- **What you should do**:
Find where "#161=ORIENTED_EDGE('',*,*,#32,.F.);" appears in the entries below. That line and all lines after it, through the last, are to be duplicated exactly, with nothing else.

- **Records provided**:
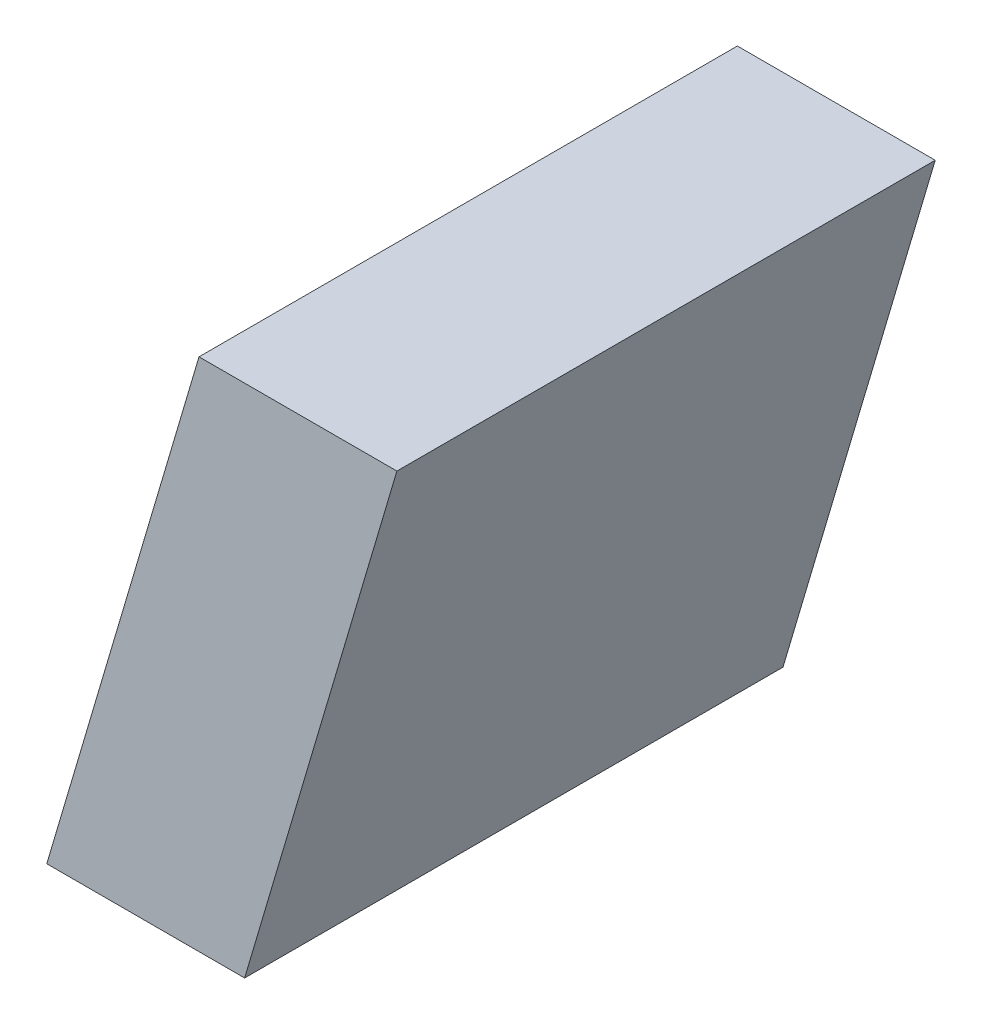
ISO-10303-21;
HEADER;
FILE_DESCRIPTION(('STEP AP214'),'2;1');
FILE_NAME('part.step','',(''),(''),'','','');
FILE_SCHEMA(('AUTOMOTIVE_DESIGN { 1 0 10303 214 1 1 1 1 }'));
ENDSEC;
DATA;
#1=APPLICATION_CONTEXT('core data for automotive mechanical design processes');
#2=APPLICATION_PROTOCOL_DEFINITION('international standard','automotive_design',2000,#1);
#3=PRODUCT_CONTEXT('',#1,'mechanical');
#4=PRODUCT('Part','Part','',(#3));
#5=PRODUCT_RELATED_PRODUCT_CATEGORY('part','',(#4));
#6=PRODUCT_DEFINITION_FORMATION('','',#4);
#7=PRODUCT_DEFINITION_CONTEXT('part definition',#1,'design');
#8=PRODUCT_DEFINITION('design','',#6,#7);
#9=PRODUCT_DEFINITION_SHAPE('','',#8);
#10=(LENGTH_UNIT() NAMED_UNIT(*) SI_UNIT(.MILLI.,.METRE.));
#11=(NAMED_UNIT(*) PLANE_ANGLE_UNIT() SI_UNIT($,.RADIAN.));
#12=(NAMED_UNIT(*) SI_UNIT($,.STERADIAN.) SOLID_ANGLE_UNIT());
#13=UNCERTAINTY_MEASURE_WITH_UNIT(LENGTH_MEASURE(1.E-05),#10,'distance_accuracy_value','');
#14=(GEOMETRIC_REPRESENTATION_CONTEXT(3) GLOBAL_UNCERTAINTY_ASSIGNED_CONTEXT((#13)) GLOBAL_UNIT_ASSIGNED_CONTEXT((#10,
#11,#12)) REPRESENTATION_CONTEXT('',''));
#15=CARTESIAN_POINT('',(0.,0.,0.));
#16=DIRECTION('',(0.,0.,1.));
#17=DIRECTION('',(1.,0.,0.));
#18=AXIS2_PLACEMENT_3D('',#15,#16,#17);
#19=CARTESIAN_POINT('',(-2.2657258471,-1.901525578586,0.));
#20=DIRECTION('',(0.,-1.,0.));
#21=DIRECTION('',(1.,0.,0.));
#22=AXIS2_PLACEMENT_3D('',#19,#20,#21);
#23=PLANE('',#22);
#24=DIRECTION('',(1.,0.,0.));
#25=VECTOR('',#24,1.);
#26=CARTESIAN_POINT('',(-2.2657258471,-1.901525578586,0.));
#27=LINE('',#26,#25);
#28=CARTESIAN_POINT('',(-2.2657258471,-1.901525578586,0.));
#29=VERTEX_POINT('',#28);
#30=CARTESIAN_POINT('',(-2.228971753874,-1.901525578586,0.));
#31=VERTEX_POINT('',#30);
#32=EDGE_CURVE('E11',#29,#31,#27,.T.);
#33=ORIENTED_EDGE('',*,*,#32,.T.);
#34=DIRECTION('',(0.,0.,1.));
#35=VECTOR('',#34,1.);
#36=CARTESIAN_POINT('',(-2.228971753874,-1.901525578586,0.));
#37=LINE('',#36,#35);
#38=CARTESIAN_POINT('',(-2.228971753874,-1.901525578586,0.1));
#39=VERTEX_POINT('',#38);
#40=EDGE_CURVE('E24',#31,#39,#37,.T.);
#41=ORIENTED_EDGE('',*,*,#40,.T.);
#42=DIRECTION('',(1.,0.,0.));
#43=VECTOR('',#42,1.);
#44=CARTESIAN_POINT('',(-2.2657258471,-1.901525578586,0.1));
#45=LINE('',#44,#43);
#46=CARTESIAN_POINT('',(-2.2657258471,-1.901525578586,0.1));
#47=VERTEX_POINT('',#46);
#48=EDGE_CURVE('E75',#47,#39,#45,.T.);
#49=ORIENTED_EDGE('',*,*,#48,.F.);
#50=DIRECTION('',(0.,0.,1.));
#51=VECTOR('',#50,1.);
#52=CARTESIAN_POINT('',(-2.2657258471,-1.901525578586,0.));
#53=LINE('',#52,#51);
#54=EDGE_CURVE('E86',#29,#47,#53,.T.);
#55=ORIENTED_EDGE('',*,*,#54,.F.);
#56=EDGE_LOOP('',(#33,#41,#49,#55));
#57=FACE_BOUND('',#56,.T.);
#58=ADVANCED_FACE('F17',(#57),#23,.T.);
#59=CARTESIAN_POINT('',(-2.237443986862,-1.805832154574,0.));
#60=DIRECTION('',(-0.958993732012229,0.283427278082505,0.));
#61=DIRECTION('',(-0.283427278082505,-0.958993732012229,0.));
#62=AXIS2_PLACEMENT_3D('',#59,#60,#61);
#63=PLANE('',#62);
#64=DIRECTION('',(-0.283427278082505,-0.958993732012229,0.));
#65=VECTOR('',#64,1.);
#66=CARTESIAN_POINT('',(-2.237443986862,-1.805832154574,0.));
#67=LINE('',#66,#65);
#68=CARTESIAN_POINT('',(-2.237443986862,-1.805832154574,0.));
#69=VERTEX_POINT('',#68);
#70=EDGE_CURVE('E83',#69,#29,#67,.T.);
#71=ORIENTED_EDGE('',*,*,#70,.T.);
#72=ORIENTED_EDGE('',*,*,#54,.T.);
#73=DIRECTION('',(-0.283427278082505,-0.958993732012229,0.));
#74=VECTOR('',#73,1.);
#75=CARTESIAN_POINT('',(-2.237443986862,-1.805832154574,0.1));
#76=LINE('',#75,#74);
#77=CARTESIAN_POINT('',(-2.237443986862,-1.805832154574,0.1));
#78=VERTEX_POINT('',#77);
#79=EDGE_CURVE('E81',#78,#47,#76,.T.);
#80=ORIENTED_EDGE('',*,*,#79,.F.);
#81=DIRECTION('',(0.,0.,1.));
#82=VECTOR('',#81,1.);
#83=CARTESIAN_POINT('',(-2.237443986862,-1.805832154574,0.));
#84=LINE('',#83,#82);
#85=EDGE_CURVE('E61',#69,#78,#84,.T.);
#86=ORIENTED_EDGE('',*,*,#85,.F.);
#87=EDGE_LOOP('',(#71,#72,#80,#86));
#88=FACE_BOUND('',#87,.T.);
#89=ADVANCED_FACE('F91',(#88),#63,.T.);
#90=CARTESIAN_POINT('',(-2.200689893635,-1.805832154574,0.));
#91=DIRECTION('',(0.,1.,0.));
#92=DIRECTION('',(-1.,0.,0.));
#93=AXIS2_PLACEMENT_3D('',#90,#91,#92);
#94=PLANE('',#93);
#95=DIRECTION('',(-1.,0.,0.));
#96=VECTOR('',#95,1.);
#97=CARTESIAN_POINT('',(-2.200689893635,-1.805832154574,0.));
#98=LINE('',#97,#96);
#99=CARTESIAN_POINT('',(-2.200689893635,-1.805832154574,0.));
#100=VERTEX_POINT('',#99);
#101=EDGE_CURVE('E65',#100,#69,#98,.T.);
#102=ORIENTED_EDGE('',*,*,#101,.T.);
#103=ORIENTED_EDGE('',*,*,#85,.T.);
#104=DIRECTION('',(-1.,0.,0.));
#105=VECTOR('',#104,1.);
#106=CARTESIAN_POINT('',(-2.200689893635,-1.805832154574,0.1));
#107=LINE('',#106,#105);
#108=CARTESIAN_POINT('',(-2.200689893635,-1.805832154574,0.1));
#109=VERTEX_POINT('',#108);
#110=EDGE_CURVE('E54',#109,#78,#107,.T.);
#111=ORIENTED_EDGE('',*,*,#110,.F.);
#112=DIRECTION('',(0.,0.,1.));
#113=VECTOR('',#112,1.);
#114=CARTESIAN_POINT('',(-2.200689893635,-1.805832154574,0.));
#115=LINE('',#114,#113);
#116=EDGE_CURVE('E58',#100,#109,#115,.T.);
#117=ORIENTED_EDGE('',*,*,#116,.F.);
#118=EDGE_LOOP('',(#102,#103,#111,#117));
#119=FACE_BOUND('',#118,.T.);
#120=ADVANCED_FACE('F57',(#119),#94,.T.);
#121=CARTESIAN_POINT('',(-2.228971753874,-1.901525578586,0.));
#122=DIRECTION('',(0.958993732012229,-0.283427278082505,0.));
#123=DIRECTION('',(0.283427278082505,0.958993732012229,0.));
#124=AXIS2_PLACEMENT_3D('',#121,#122,#123);
#125=PLANE('',#124);
#126=DIRECTION('',(0.283427278082505,0.958993732012229,0.));
#127=VECTOR('',#126,1.);
#128=CARTESIAN_POINT('',(-2.228971753874,-1.901525578586,0.));
#129=LINE('',#128,#127);
#130=EDGE_CURVE('E71',#31,#100,#129,.T.);
#131=ORIENTED_EDGE('',*,*,#130,.T.);
#132=ORIENTED_EDGE('',*,*,#116,.T.);
#133=DIRECTION('',(0.283427278082505,0.958993732012229,0.));
#134=VECTOR('',#133,1.);
#135=CARTESIAN_POINT('',(-2.228971753874,-1.901525578586,0.1));
#136=LINE('',#135,#134);
#137=EDGE_CURVE('E70',#39,#109,#136,.T.);
#138=ORIENTED_EDGE('',*,*,#137,.F.);
#139=ORIENTED_EDGE('',*,*,#40,.F.);
#140=EDGE_LOOP('',(#131,#132,#138,#139));
#141=FACE_BOUND('',#140,.T.);
#142=ADVANCED_FACE('F69',(#141),#125,.T.);
#143=CARTESIAN_POINT('',(-2.233207870368,-1.85367886658,0.1));
#144=DIRECTION('',(0.,0.,1.));
#145=DIRECTION('',(1.,0.,0.));
#146=AXIS2_PLACEMENT_3D('',#143,#144,#145);
#147=PLANE('',#146);
#148=ORIENTED_EDGE('',*,*,#137,.T.);
#149=ORIENTED_EDGE('',*,*,#110,.T.);
#150=ORIENTED_EDGE('',*,*,#79,.T.);
#151=ORIENTED_EDGE('',*,*,#48,.T.);
#152=EDGE_LOOP('',(#148,#149,#150,#151));
#153=FACE_BOUND('',#152,.T.);
#154=ADVANCED_FACE('F74',(#153),#147,.T.);
#155=CARTESIAN_POINT('',(-2.233207870368,-1.85367886658,0.));
#156=DIRECTION('',(0.,0.,1.));
#157=DIRECTION('',(1.,0.,0.));
#158=AXIS2_PLACEMENT_3D('',#155,#156,#157);
#159=PLANE('',#158);
#160=ORIENTED_EDGE('',*,*,#130,.F.);
#161=ORIENTED_EDGE('',*,*,#32,.F.);
#162=ORIENTED_EDGE('',*,*,#70,.F.);
#163=ORIENTED_EDGE('',*,*,#101,.F.);
#164=EDGE_LOOP('',(#160,#161,#162,#163));
#165=FACE_BOUND('',#164,.T.);
#166=ADVANCED_FACE('F89',(#165),#159,.F.);
#167=CLOSED_SHELL('',(#58,#89,#120,#142,#154,#166));
#168=MANIFOLD_SOLID_BREP('B1',#167);
#169=ADVANCED_BREP_SHAPE_REPRESENTATION('',(#18,#168),#14);
#170=SHAPE_DEFINITION_REPRESENTATION(#9,#169);
ENDSEC;
END-ISO-10303-21;

- **Written response**:
#161=ORIENTED_EDGE('',*,*,#32,.F.);
#162=ORIENTED_EDGE('',*,*,#70,.F.);
#163=ORIENTED_EDGE('',*,*,#101,.F.);
#164=EDGE_LOOP('',(#160,#161,#162,#163));
#165=FACE_BOUND('',#164,.T.);
#166=ADVANCED_FACE('F89',(#165),#159,.F.);
#167=CLOSED_SHELL('',(#58,#89,#120,#142,#154,#166));
#168=MANIFOLD_SOLID_BREP('B1',#167);
#169=ADVANCED_BREP_SHAPE_REPRESENTATION('',(#18,#168),#14);
#170=SHAPE_DEFINITION_REPRESENTATION(#9,#169);
ENDSEC;
END-ISO-10303-21;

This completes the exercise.